Affection for the Desert
She went to a Benedictine Monastery in New Mexico,
called the Monastery of Christ in the Desert,
and sent me a medallion of Benedict,
an amber cross and several photographs
of desert life, but, of course, I live
in a semi-arid desert and the photographs
looked fairly similar, desert poppies, cacti,
sagebrush, and, still, I wished Id been there
with her; wished Id photographed
dried chillies on a backstreet near the plaza,
wished Id roamed through Pueblo architecture;
through the narrow passageways
and hidden courtyards of Santa Fe, New Mexico.
I live in the rolling high desert hills
nestled in the Thompson Nicola Valley.
Some locals say the bare-earthed brown hills
represent the northernmost point
of the Mohave Desert. I know the look
of Sagebrush Mariposa Lily, and the Prickly Pear Cactus.
I know the feel of this strange, small,
semi-arid desert, wild sunflowers in May,
blooming sagebrush covering the hills in autumn.

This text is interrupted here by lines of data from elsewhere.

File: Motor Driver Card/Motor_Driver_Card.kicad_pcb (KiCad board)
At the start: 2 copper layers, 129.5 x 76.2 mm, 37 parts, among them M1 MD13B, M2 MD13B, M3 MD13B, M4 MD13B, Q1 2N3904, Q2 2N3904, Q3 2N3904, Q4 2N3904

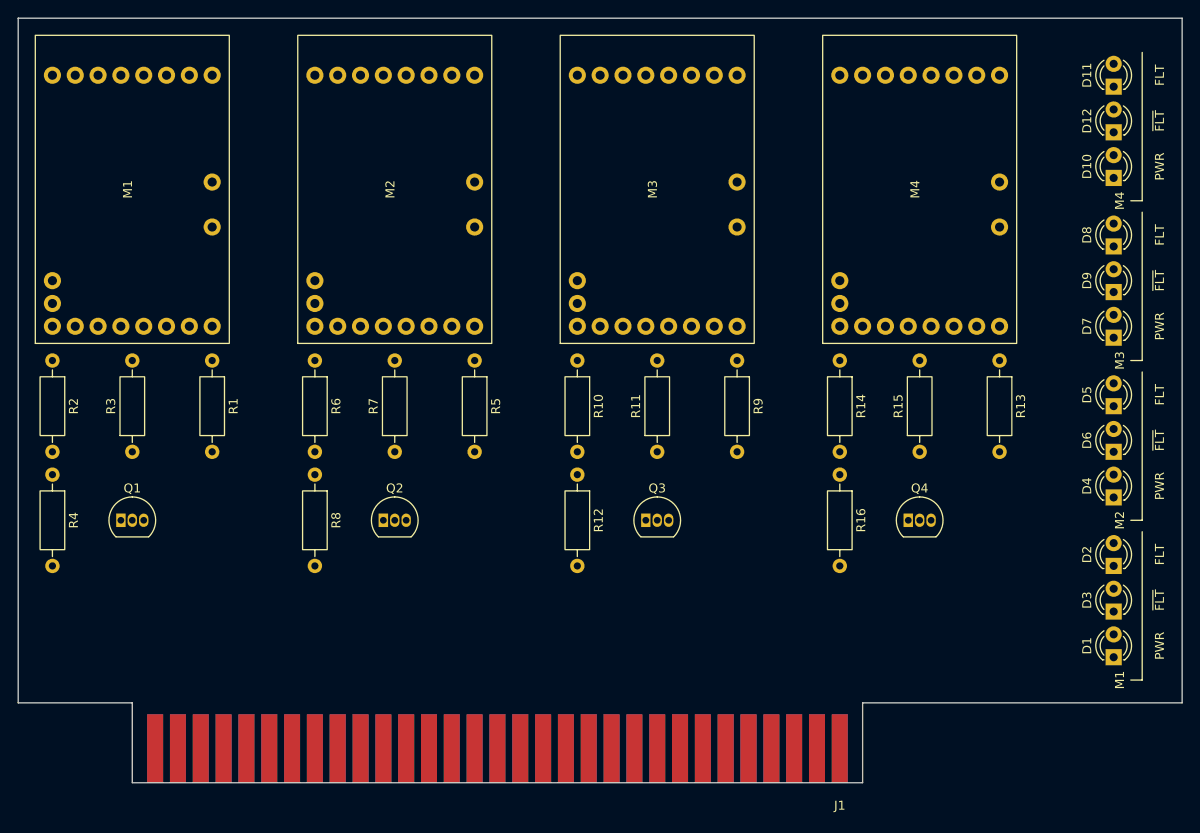
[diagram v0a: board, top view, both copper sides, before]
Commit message: Route motor driver card
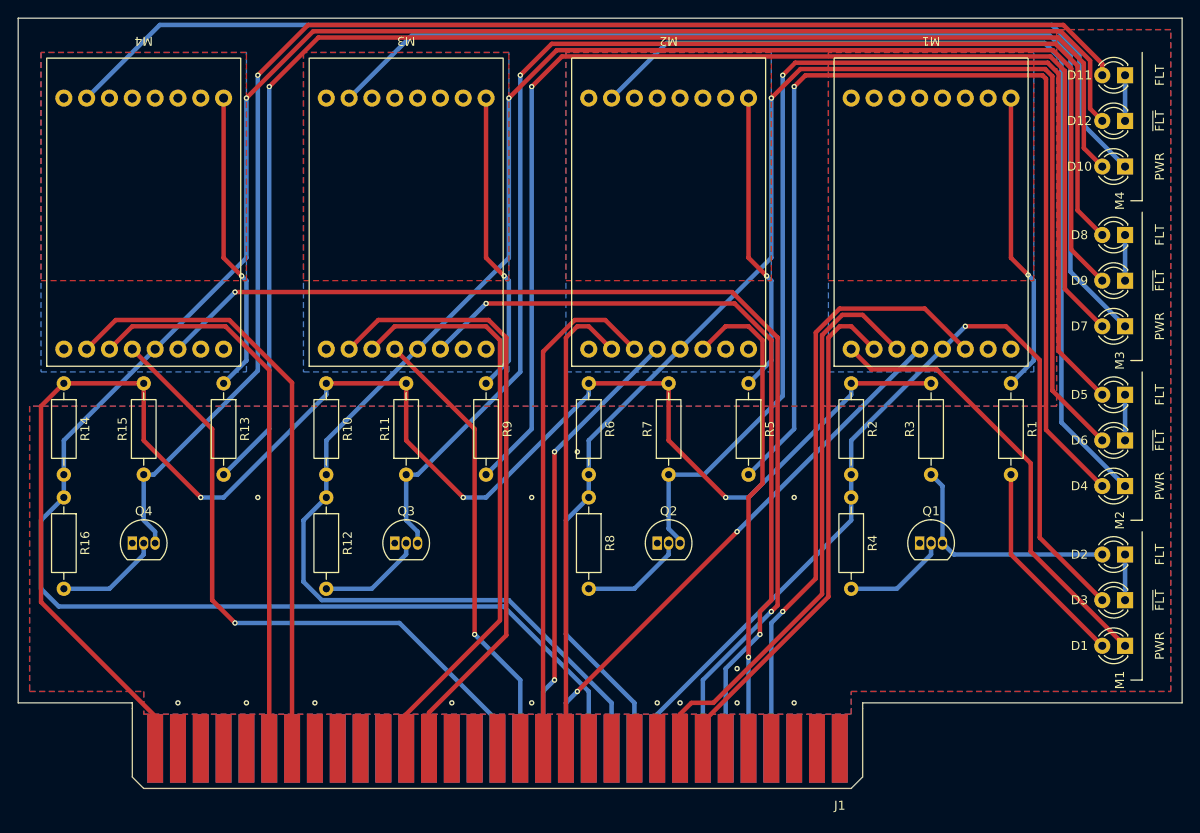
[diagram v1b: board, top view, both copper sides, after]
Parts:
- moved M1 88.9 mm to (208.3, 76.2)
- moved R3 88.9 mm to (208.3, 105.4)
- moved Q1 88.9 mm to (207.0, 113.0)
- moved R2 88.9 mm to (199.4, 95.2)
- moved R4 88.9 mm to (199.4, 108.0)
- moved R1 88.9 mm to (217.2, 95.2)
- moved Q4 86.4 mm to (119.4, 113.0)
- moved R13 86.4 mm to (129.5, 95.2)
- moved R14 86.4 mm to (111.8, 95.2)
- moved R16 86.4 mm to (111.8, 108.0)
- moved M4 86.4 mm to (120.7, 76.2)
- moved R15 86.4 mm to (120.7, 105.4)
- moved Q2 30.6 mm to (177.8, 113.0)
- moved R5 30.6 mm to (188.0, 95.2)
- moved R6 30.6 mm to (170.2, 95.2)
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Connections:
- D12 pad 2: Net-(D12-A) -> /FLT4
- D3 pad 2: Net-(D3-A) -> /FLT1
- D6 pad 2: Net-(D6-A) -> /FLT2
- D9 pad 2: Net-(D9-A) -> /FLT3
- J1 pad 12: unconnected-(J1-Pad12) -> GND
- J1 pad 13: unconnected-(J1-Pad13) -> /DIR2
- J1 pad 14: unconnected-(J1-Pad14) -> /PWM2
- J1 pad 15: unconnected-(J1-Pad15) -> GND
- J1 pad 18: unconnected-(J1-Pad18) -> GND
- J1 pad 19: unconnected-(J1-Pad19) -> /DIR3
- J1 pad 20: unconnected-(J1-Pad20) -> /PWM3
- J1 pad 21: unconnected-(J1-Pad21) -> GND
- J1 pad 24: unconnected-(J1-Pad24) -> GND
- J1 pad 25: unconnected-(J1-Pad25) -> /DIR4
- J1 pad 26: unconnected-(J1-Pad26) -> /PWM4
- J1 pad 27: unconnected-(J1-Pad27) -> GND
- J1 pad 3: unconnected-(J1-Pad3) -> GND
- J1 pad 30: unconnected-(J1-Pad30) -> GND
- J1 pad 31: unconnected-(J1-Pad31) -> +5V
- J1 pad 34: unconnected-(J1-Pad34) -> GND
- J1 pad 35: unconnected-(J1-Pad35) -> /CS1
- J1 pad 36: unconnected-(J1-Pad36) -> /CS2
- J1 pad 37: unconnected-(J1-Pad37) -> /CS3
- J1 pad 38: unconnected-(J1-Pad38) -> /CS4
- J1 pad 39: unconnected-(J1-Pad39) -> GND
- J1 pad 40: unconnected-(J1-Pad40) -> /FLT1
- J1 pad 41: unconnected-(J1-Pad41) -> /FLT2
- J1 pad 42: unconnected-(J1-Pad42) -> /FLT3
- J1 pad 43: unconnected-(J1-Pad43) -> /FLT4
- J1 pad 44: unconnected-(J1-Pad44) -> /SLP1
- J1 pad 45: unconnected-(J1-Pad45) -> /SLP2
- J1 pad 46: unconnected-(J1-Pad46) -> /SLP3
- J1 pad 47: unconnected-(J1-Pad47) -> /SLP4
- J1 pad 6: unconnected-(J1-Pad6) -> GND
- J1 pad 7: unconnected-(J1-Pad7) -> /DIR1
- J1 pad 8: unconnected-(J1-Pad8) -> /PWM1
- J1 pad 9: unconnected-(J1-Pad9) -> GND
- M1 pad 10: /Driver1/PWM -> /PWM1
- M1 pad 11: unconnected-(M1-~{SLP}-Pad11) -> /SLP1
- M1 pad 12: Net-(D3-A) -> /FLT1
- M1 pad 13: /Driver1/CS -> /CS1
- M1 pad 9: /Driver1/DIR -> /DIR1
- M2 pad 10: /Driver2/PWM -> /PWM2
- M2 pad 11: unconnected-(M2-~{SLP}-Pad11) -> /SLP2
- M2 pad 12: Net-(D6-A) -> /FLT2
- M2 pad 13: /Driver2/CS -> /CS2
- M2 pad 9: /Driver2/DIR -> /DIR2
- M3 pad 10: /Driver3/PWM -> /PWM3
- M3 pad 11: unconnected-(M3-~{SLP}-Pad11) -> /SLP3
- M3 pad 12: Net-(D9-A) -> /FLT3
- M3 pad 13: /Driver3/CS -> /CS3
- M3 pad 9: /Driver3/DIR -> /DIR3
- M4 pad 10: /Driver4/PWM -> /PWM4
- M4 pad 11: unconnected-(M4-~{SLP}-Pad11) -> /SLP4
- M4 pad 12: Net-(D12-A) -> /FLT4
- M4 pad 13: /Driver4/CS -> /CS4
- M4 pad 9: /Driver4/DIR -> /DIR4
- R10 pad 2: Net-(D9-A) -> /FLT3
- R12 pad 1: Net-(D9-A) -> /FLT3
- R14 pad 2: Net-(D12-A) -> /FLT4
- R16 pad 1: Net-(D12-A) -> /FLT4
- R2 pad 2: Net-(D3-A) -> /FLT1
- R4 pad 1: Net-(D3-A) -> /FLT1
- R6 pad 2: Net-(D6-A) -> /FLT2
- R8 pad 1: Net-(D6-A) -> /FLT2
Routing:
- net /FLT4: track 0.00 -> 241.7 mm, vias 0 -> 1
- net /FLT3: track 0.00 -> 198.9 mm, vias 0 -> 1
- net +5V: track 0.00 -> 188.4 mm, vias 0 -> 3
- net /FLT2: track 0.00 -> 160.8 mm, vias 0 -> 1
- net Net-(D11-A): track 0.00 -> 157.9 mm, vias 0 -> 1
- net Net-(D10-A): track 0.00 -> 151.7 mm, vias 0 -> 1
- net Net-(D8-A): track 0.00 -> 143.0 mm, vias 0 -> 1
- net Net-(D7-A): track 0.00 -> 136.8 mm, vias 0 -> 1
- net Net-(D10-K): track 0.00 -> 129.9 mm
- net Net-(D5-A): track 0.00 -> 129.7 mm, vias 0 -> 1
- net Net-(D4-A): track 0.00 -> 121.9 mm, vias 0 -> 1
- net /CS4: track 0.00 -> 120.6 mm, vias 0 -> 2
- net Net-(D7-K): track 0.00 -> 116.8 mm
- net Net-(D4-K): track 0.00 -> 103.8 mm
- net /FLT1: track 0.00 -> 100.6 mm, vias 0 -> 1
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- added copper zone on B.Cu, net GND
- added copper zone on F.Cu, net GND
- added copper zone on B.Cu, net Net-(D1-K)
- added copper zone on B.Cu, net Net-(D10-K)
- added copper zone on B.Cu, net Net-(D4-K)
- added copper zone on B.Cu, net Net-(D7-K)
- added copper zone on F.Cu, net Net-(M1-VIN)
- added copper zone on F.Cu, net Net-(M2-VIN)
- added copper zone on F.Cu, net Net-(M3-VIN)
- added copper zone on F.Cu, net Net-(M4-VIN)
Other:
- board size 129.5 x 76.2 mm -> 129.5 x 76.8 mm

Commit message: Apply new backplane pinouts to motor driver card
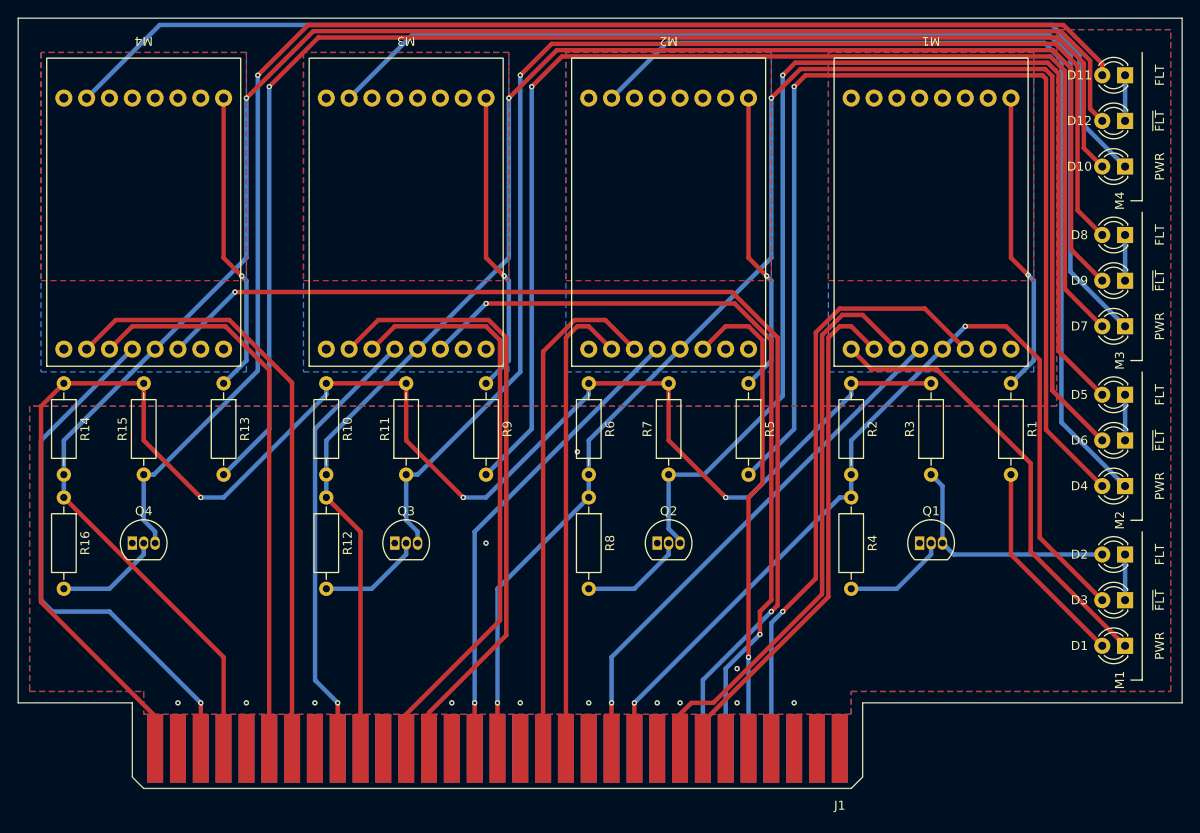
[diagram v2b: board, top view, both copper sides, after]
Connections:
- J1 pad 10: unconnected-(J1-M1_HE1-Pad10) -> /FLT1
- J1 pad 11: unconnected-(J1-M1_HE2-Pad11) -> /SLP1
- J1 pad 16: unconnected-(J1-M2_HE1-Pad16) -> /FLT2
- J1 pad 17: unconnected-(J1-M2_HE2-Pad17) -> /SLP2
- J1 pad 22: unconnected-(J1-M3_HE1-Pad22) -> /FLT3
- J1 pad 23: unconnected-(J1-ME_HE2-Pad23) -> /SLP3
- J1 pad 28: unconnected-(J1-M4_HE1-Pad28) -> /FLT4
- J1 pad 29: unconnected-(J1-M4_HE2-Pad29) -> /SLP4
- J1 pad 40: /FLT1 -> unconnected-(J1-Pad40)
- J1 pad 41: /FLT2 -> unconnected-(J1-Pad41)
- J1 pad 42: /FLT3 -> unconnected-(J1-Pad42)
- J1 pad 43: /FLT4 -> unconnected-(J1-Pad43)
- J1 pad 44: /SLP1 -> unconnected-(J1-Pad44)
- J1 pad 45: /SLP2 -> unconnected-(J1-Pad45)
- J1 pad 46: /SLP3 -> unconnected-(J1-Pad46)
- J1 pad 47: /SLP4 -> unconnected-(J1-Pad47)
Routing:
- net /FLT4: track 241.7 -> 193.8 mm
- net /FLT3: track 198.9 -> 173.1 mm
- net /SLP4: track 72.0 -> 59.7 mm
- net /SLP2: track 49.7 -> 52.9 mm, vias 2 -> 1
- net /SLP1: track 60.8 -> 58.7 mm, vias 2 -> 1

When she went to the Sahara Desert in Morocco
she sent me a postcard when she got to Fez
describing the Sahara as a sea of sand,
describing a caravan of camels,
noting she had seen the worlds largest desert,
and I closed my eyes and saw her riding a camel
with a slight, Moroccan named Barrah.
She wrote how he wanted her to come hide
with him behind a sand dune because he wanted
to kiss her, touch the blondeness of her hair,
the paleness of her skin, trace the blue veins
over her arms. I sent her a letter to San Sebastian
in Spain where it waited for her for over a month,
and described the second desert Id seen
when I was thirteen in Carcross, worlds smallest desert,
once a glacial lake. Pine trees growing on the outskirts
of sand dunes, remembered my surprise at discovering
one lonely cactus. Told her how I love the desert
because it bakes everything raw, burns the worst out of you,
cleans you to the bone, leaves you nothing to cling to,
nowhere to hide, and when you never expect it,
when you have given everything up doesnt God
come to you then, with manna, with promises,
with an oasis of palm trees, fruit, nectar, water, peace.